I don't give the same weight to yesterday's election results as some other writers. There were only two races that I actually cared about: the gay marriage repeal in Maine and the election in upstate NY. I was disappointed in the former and very happy with the latter.
The governorship race in New Jersey was supposed to be close, but it turned out not to be. Corzine, like his alma mater Goldman-Sacks, was deservedly unpopular, but there is hardly ever an excuse for voting in a Republican; nevertheless, people do it, as they did yesterday. The race in Virginia was touted as a test of Obama, but that idea was a creation of the media. The Republican McDonnell had been favored by a wide margin for a long time. The race might have been close if black voters had turned out for his Democratic opponent Deeds the way they turned out for Obama last year -- but no. This was a disappointment but not really surprising or necessarily significant.
I was a bit surprised by the passage of the gay marriage repeal in Maine. I was hoping that the presumed old yankee live-and-let-live spirit would overcome the "guns, gays and God" rural tendencies -- but no. Portland, Bangor and a few other cities voted against the repeal, but it was not enough to overcome the big turnout in the boonies and the French-Roman Catholic votes in places like Lewiston (I haven't seen detailed tallies yet). Too bad, but gay marriage has come a long way in the last dozen years or so. I'm personally against the state endorsing any kind of marriage. Medical and economic "rights" should be based on civil unions for everyone, with religious or other ritualistic "marriage" services optional.
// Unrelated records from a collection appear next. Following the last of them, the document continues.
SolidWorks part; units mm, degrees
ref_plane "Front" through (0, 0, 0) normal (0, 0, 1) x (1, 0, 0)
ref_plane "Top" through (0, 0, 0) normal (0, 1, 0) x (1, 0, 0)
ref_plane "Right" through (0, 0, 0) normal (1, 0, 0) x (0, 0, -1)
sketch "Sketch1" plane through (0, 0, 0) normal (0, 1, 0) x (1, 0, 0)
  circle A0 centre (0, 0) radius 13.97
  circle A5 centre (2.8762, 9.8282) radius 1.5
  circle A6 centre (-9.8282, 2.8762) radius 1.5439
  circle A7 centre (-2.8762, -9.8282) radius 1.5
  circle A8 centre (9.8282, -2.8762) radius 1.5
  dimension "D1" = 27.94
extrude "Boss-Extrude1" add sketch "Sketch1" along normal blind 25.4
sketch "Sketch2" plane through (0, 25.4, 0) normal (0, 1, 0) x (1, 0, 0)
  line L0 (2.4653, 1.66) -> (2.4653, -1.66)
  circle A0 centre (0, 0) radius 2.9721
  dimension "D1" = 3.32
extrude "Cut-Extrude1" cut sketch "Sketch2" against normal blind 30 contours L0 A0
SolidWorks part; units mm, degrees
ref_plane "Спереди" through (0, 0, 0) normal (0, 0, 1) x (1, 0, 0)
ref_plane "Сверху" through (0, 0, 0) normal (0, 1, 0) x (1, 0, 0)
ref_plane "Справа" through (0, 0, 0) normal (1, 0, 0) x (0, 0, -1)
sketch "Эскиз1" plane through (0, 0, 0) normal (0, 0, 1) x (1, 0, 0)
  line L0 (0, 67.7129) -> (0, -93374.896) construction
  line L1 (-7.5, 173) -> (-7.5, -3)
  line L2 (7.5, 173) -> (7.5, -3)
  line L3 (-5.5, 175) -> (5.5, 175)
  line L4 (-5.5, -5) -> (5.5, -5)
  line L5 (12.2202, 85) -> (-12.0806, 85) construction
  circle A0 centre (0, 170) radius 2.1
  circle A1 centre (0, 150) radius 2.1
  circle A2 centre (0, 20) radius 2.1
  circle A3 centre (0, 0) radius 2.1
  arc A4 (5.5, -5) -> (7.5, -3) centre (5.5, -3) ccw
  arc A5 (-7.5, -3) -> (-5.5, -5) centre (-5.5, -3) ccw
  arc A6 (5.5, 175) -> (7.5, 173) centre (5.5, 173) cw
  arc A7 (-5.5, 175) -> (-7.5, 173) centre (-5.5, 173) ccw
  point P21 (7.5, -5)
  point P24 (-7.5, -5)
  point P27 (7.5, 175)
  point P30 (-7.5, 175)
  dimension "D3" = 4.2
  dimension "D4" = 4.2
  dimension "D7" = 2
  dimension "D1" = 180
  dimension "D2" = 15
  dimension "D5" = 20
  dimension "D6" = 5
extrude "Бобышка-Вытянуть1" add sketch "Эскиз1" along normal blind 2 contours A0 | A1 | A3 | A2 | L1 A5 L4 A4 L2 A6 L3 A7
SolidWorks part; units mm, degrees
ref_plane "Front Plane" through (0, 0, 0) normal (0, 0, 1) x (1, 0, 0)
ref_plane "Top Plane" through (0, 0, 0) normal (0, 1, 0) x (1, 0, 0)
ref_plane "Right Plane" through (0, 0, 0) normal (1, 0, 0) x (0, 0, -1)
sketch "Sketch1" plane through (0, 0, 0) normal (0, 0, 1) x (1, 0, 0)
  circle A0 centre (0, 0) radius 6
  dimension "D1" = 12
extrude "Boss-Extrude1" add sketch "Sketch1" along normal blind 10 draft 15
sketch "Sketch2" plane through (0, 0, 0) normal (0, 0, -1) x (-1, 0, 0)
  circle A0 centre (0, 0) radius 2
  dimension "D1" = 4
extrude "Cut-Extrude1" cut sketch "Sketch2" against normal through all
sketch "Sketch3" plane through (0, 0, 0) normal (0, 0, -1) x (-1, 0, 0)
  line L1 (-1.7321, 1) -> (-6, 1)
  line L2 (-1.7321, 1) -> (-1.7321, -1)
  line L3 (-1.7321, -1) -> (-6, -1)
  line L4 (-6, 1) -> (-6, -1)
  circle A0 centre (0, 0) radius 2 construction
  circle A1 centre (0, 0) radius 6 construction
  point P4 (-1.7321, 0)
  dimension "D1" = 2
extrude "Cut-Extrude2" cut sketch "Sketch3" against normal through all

So, finally, there was the truly significant victory of Democrat Bill Owens over conservative Republican Douglas Hoffman in the Saranac Lake congressional district of northern NY state. This district had gone Republican for over a century! It would have continued so had not the original Republican candidate, moderate Dede Scozzafava, been driven off the ballot by the conservative bullies Rush Limbaugh, Glenn Beck, the "Club for Growth" and the National Standard -- also aided and abetted by pop politics dabbler Sarah Palin. Scozzafava's sin was maintaining a vestige of reasonableness on some issues like the stimulus plan and gay marriage. This is unacceptible to the conservative thought police, who launched all-out war on her. You'd think she was some modern-day Stalinist or Maoist. The Republican party may be reactionary and clinging to old, failed policies, but the conservative emirate is truly gibbering and totally out of touch with all but a sliver of corporate Bourbons and talk-radio ditto-heads. But that's not just my opinion: they directly and inequivocably lost a seat that had been safely Republican for over 100 years. They explicitly made it a test of their power and influence, and they lost. As I had optimistically hoped, even the people of this politically rightish district could not abide a bunch of out-of-state bullies pushing political purity.
This election was not a test of Obama, it was a test of right-wing political power: Limbaugh, Beck and company lost big.